▸ **Exercise**
Report every line of the entries that contains the word "Locations".

▸ **Dataset records**
***

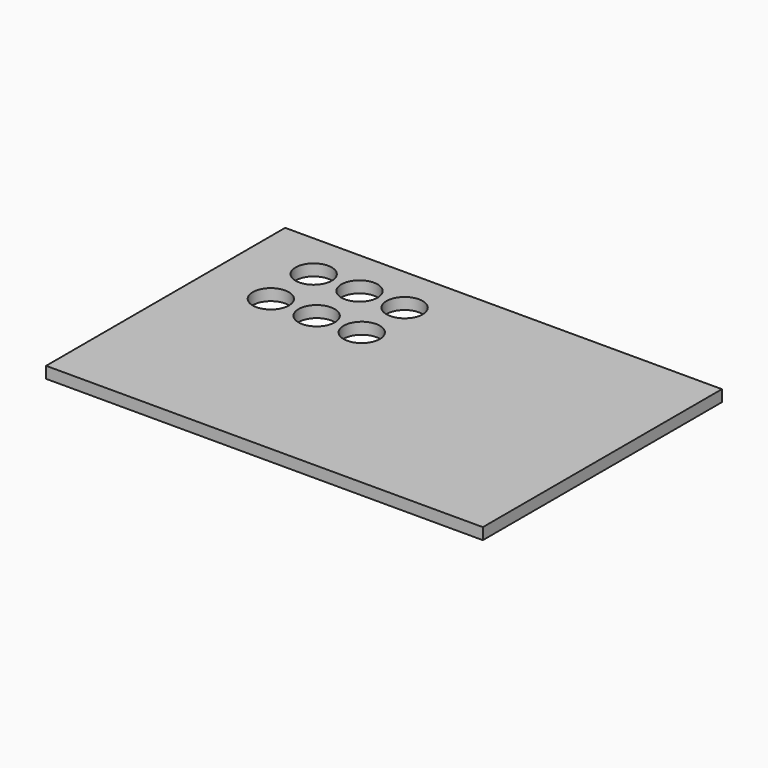
from build123d import *

# Parameters (mm, degrees)
F0_W     = 361.95
F0_H     = 247.65
F1_DEPTH = 9.525
F3_D     = 30


# Not quite as in the source:
# - a feature names something its author has since deleted; it is built from what else it names


with BuildPart() as f1:
    # F0 (on Top) → F1 (new body)
    with BuildSketch(Plane.XY):
        with Locations((-148.0553561452, 71.3610090315)):
            Rectangle(F0_W, F0_H)
    extrude(amount=-F1_DEPTH)

    # F3 (through all)
    with Locations(Plane(origin=(0, 0, -9.525), x_dir=(1, 0, 0), z_dir=(0, 0, -1))):
        with Locations((-236.1291795969, -111.6871535778), (-236.1291795969, -156.0809910297), (-198.7664848566, -111.6871535778), (-274.1136550903, -156.0809910297), (-198.7664848566, -156.0809910297), (-274.1136550903, -111.6871535778)):
            Hole(F3_D / 2)


solid = f1.part

***

▸ **Solution for this problem**
        with Locations((-148.0553561452, 71.3610090315)):
    with Locations(Plane(origin=(0, 0, -9.525), x_dir=(1, 0, 0), z_dir=(0, 0, -1))):
        with Locations((-236.1291795969, -111.6871535778), (-236.1291795969, -156.0809910297), (-198.7664848566, -111.6871535778), (-274.1136550903, -156.0809910297), (-198.7664848566, -156.0809910297), (-274.1136550903, -111.6871535778)):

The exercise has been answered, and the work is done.